■ **Work to complete**
The result should be the listing below restated word for word, with images left out.

■ **Records shown**

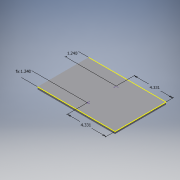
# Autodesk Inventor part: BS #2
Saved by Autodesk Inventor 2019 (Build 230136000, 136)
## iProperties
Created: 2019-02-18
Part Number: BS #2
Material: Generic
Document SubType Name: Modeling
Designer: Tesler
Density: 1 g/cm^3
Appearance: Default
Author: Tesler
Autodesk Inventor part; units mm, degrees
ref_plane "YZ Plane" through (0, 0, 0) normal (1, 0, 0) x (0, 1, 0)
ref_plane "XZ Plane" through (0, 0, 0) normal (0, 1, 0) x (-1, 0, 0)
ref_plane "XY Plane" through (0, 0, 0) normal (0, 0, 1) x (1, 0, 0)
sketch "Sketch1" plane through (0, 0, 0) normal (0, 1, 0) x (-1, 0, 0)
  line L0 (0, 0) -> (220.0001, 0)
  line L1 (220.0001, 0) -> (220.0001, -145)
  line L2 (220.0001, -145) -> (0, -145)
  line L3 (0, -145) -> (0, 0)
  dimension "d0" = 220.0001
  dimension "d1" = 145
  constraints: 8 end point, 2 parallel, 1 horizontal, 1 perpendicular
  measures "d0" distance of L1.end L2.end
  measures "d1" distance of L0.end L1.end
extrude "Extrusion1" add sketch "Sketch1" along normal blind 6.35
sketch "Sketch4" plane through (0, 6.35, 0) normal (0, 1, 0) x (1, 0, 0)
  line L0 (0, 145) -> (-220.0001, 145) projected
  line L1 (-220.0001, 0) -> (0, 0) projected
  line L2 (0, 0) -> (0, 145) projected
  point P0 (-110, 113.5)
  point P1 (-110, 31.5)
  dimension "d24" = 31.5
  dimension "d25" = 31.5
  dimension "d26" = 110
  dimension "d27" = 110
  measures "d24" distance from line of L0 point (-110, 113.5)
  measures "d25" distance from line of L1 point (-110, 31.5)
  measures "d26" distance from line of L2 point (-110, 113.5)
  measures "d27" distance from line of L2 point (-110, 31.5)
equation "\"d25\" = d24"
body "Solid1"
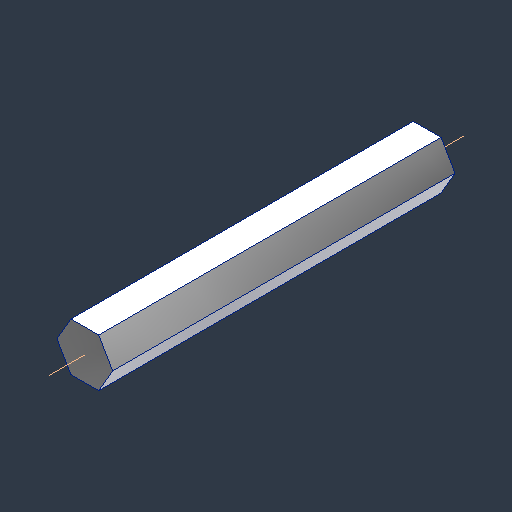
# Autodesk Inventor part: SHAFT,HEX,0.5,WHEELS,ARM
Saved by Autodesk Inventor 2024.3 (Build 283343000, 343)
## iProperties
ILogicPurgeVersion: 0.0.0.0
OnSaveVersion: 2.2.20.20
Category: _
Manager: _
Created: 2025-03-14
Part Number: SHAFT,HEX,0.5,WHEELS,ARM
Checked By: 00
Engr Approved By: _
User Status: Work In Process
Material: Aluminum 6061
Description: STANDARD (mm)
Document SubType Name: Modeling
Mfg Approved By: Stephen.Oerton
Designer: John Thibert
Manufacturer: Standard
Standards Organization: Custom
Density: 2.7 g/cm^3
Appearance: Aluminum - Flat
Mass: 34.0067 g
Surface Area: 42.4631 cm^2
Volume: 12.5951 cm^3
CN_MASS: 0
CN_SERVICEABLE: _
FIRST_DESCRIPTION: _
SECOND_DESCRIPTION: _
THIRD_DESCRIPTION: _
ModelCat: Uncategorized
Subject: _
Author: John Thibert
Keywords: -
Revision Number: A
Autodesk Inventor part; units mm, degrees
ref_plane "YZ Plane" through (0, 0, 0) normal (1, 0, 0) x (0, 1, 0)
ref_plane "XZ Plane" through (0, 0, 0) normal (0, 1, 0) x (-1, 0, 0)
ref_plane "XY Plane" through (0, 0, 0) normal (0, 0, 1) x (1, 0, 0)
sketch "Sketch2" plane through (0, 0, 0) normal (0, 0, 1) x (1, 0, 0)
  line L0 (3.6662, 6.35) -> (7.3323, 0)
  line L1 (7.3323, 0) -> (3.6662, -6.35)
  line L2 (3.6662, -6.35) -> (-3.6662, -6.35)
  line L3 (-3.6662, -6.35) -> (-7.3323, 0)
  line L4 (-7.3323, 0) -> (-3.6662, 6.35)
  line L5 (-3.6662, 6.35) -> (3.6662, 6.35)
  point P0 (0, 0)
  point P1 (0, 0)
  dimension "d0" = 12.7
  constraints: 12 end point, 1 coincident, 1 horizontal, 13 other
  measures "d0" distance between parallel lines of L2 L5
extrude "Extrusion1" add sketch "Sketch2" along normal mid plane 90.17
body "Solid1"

■ **Result for this task**
# Autodesk Inventor part: BS #2
Saved by Autodesk Inventor 2019 (Build 230136000, 136)
## iProperties
Created: 2019-02-18
Part Number: BS #2
Material: Generic
Document SubType Name: Modeling
Designer: Tesler
Density: 1 g/cm^3
Appearance: Default
Author: Tesler
Autodesk Inventor part; units mm, degrees
ref_plane "YZ Plane" through (0, 0, 0) normal (1, 0, 0) x (0, 1, 0)
ref_plane "XZ Plane" through (0, 0, 0) normal (0, 1, 0) x (-1, 0, 0)
ref_plane "XY Plane" through (0, 0, 0) normal (0, 0, 1) x (1, 0, 0)
sketch "Sketch1" plane through (0, 0, 0) normal (0, 1, 0) x (-1, 0, 0)
  line L0 (0, 0) -> (220.0001, 0)
  line L1 (220.0001, 0) -> (220.0001, -145)
  line L2 (220.0001, -145) -> (0, -145)
  line L3 (0, -145) -> (0, 0)
  dimension "d0" = 220.0001
  dimension "d1" = 145
  constraints: 8 end point, 2 parallel, 1 horizontal, 1 perpendicular
  measures "d0" distance of L1.end L2.end
  measures "d1" distance of L0.end L1.end
extrude "Extrusion1" add sketch "Sketch1" along normal blind 6.35
sketch "Sketch4" plane through (0, 6.35, 0) normal (0, 1, 0) x (1, 0, 0)
  line L0 (0, 145) -> (-220.0001, 145) projected
  line L1 (-220.0001, 0) -> (0, 0) projected
  line L2 (0, 0) -> (0, 145) projected
  point P0 (-110, 113.5)
  point P1 (-110, 31.5)
  dimension "d24" = 31.5
  dimension "d25" = 31.5
  dimension "d26" = 110
  dimension "d27" = 110
  measures "d24" distance from line of L0 point (-110, 113.5)
  measures "d25" distance from line of L1 point (-110, 31.5)
  measures "d26" distance from line of L2 point (-110, 113.5)
  measures "d27" distance from line of L2 point (-110, 31.5)
equation "\"d25\" = d24"
body "Solid1"
# Autodesk Inventor part: SHAFT,HEX,0.5,WHEELS,ARM
Saved by Autodesk Inventor 2024.3 (Build 283343000, 343)
## iProperties
ILogicPurgeVersion: 0.0.0.0
OnSaveVersion: 2.2.20.20
Category: _
Manager: _
Created: 2025-03-14
Part Number: SHAFT,HEX,0.5,WHEELS,ARM
Checked By: 00
Engr Approved By: _
User Status: Work In Process
Material: Aluminum 6061
Description: STANDARD (mm)
Document SubType Name: Modeling
Mfg Approved By: Stephen.Oerton
Designer: John Thibert
Manufacturer: Standard
Standards Organization: Custom
Density: 2.7 g/cm^3
Appearance: Aluminum - Flat
Mass: 34.0067 g
Surface Area: 42.4631 cm^2
Volume: 12.5951 cm^3
CN_MASS: 0
CN_SERVICEABLE: _
FIRST_DESCRIPTION: _
SECOND_DESCRIPTION: _
THIRD_DESCRIPTION: _
ModelCat: Uncategorized
Subject: _
Author: John Thibert
Keywords: -
Revision Number: A
Autodesk Inventor part; units mm, degrees
ref_plane "YZ Plane" through (0, 0, 0) normal (1, 0, 0) x (0, 1, 0)
ref_plane "XZ Plane" through (0, 0, 0) normal (0, 1, 0) x (-1, 0, 0)
ref_plane "XY Plane" through (0, 0, 0) normal (0, 0, 1) x (1, 0, 0)
sketch "Sketch2" plane through (0, 0, 0) normal (0, 0, 1) x (1, 0, 0)
  line L0 (3.6662, 6.35) -> (7.3323, 0)
  line L1 (7.3323, 0) -> (3.6662, -6.35)
  line L2 (3.6662, -6.35) -> (-3.6662, -6.35)
  line L3 (-3.6662, -6.35) -> (-7.3323, 0)
  line L4 (-7.3323, 0) -> (-3.6662, 6.35)
  line L5 (-3.6662, 6.35) -> (3.6662, 6.35)
  point P0 (0, 0)
  point P1 (0, 0)
  dimension "d0" = 12.7
  constraints: 12 end point, 1 coincident, 1 horizontal, 13 other
  measures "d0" distance between parallel lines of L2 L5
extrude "Extrusion1" add sketch "Sketch2" along normal mid plane 90.17
body "Solid1"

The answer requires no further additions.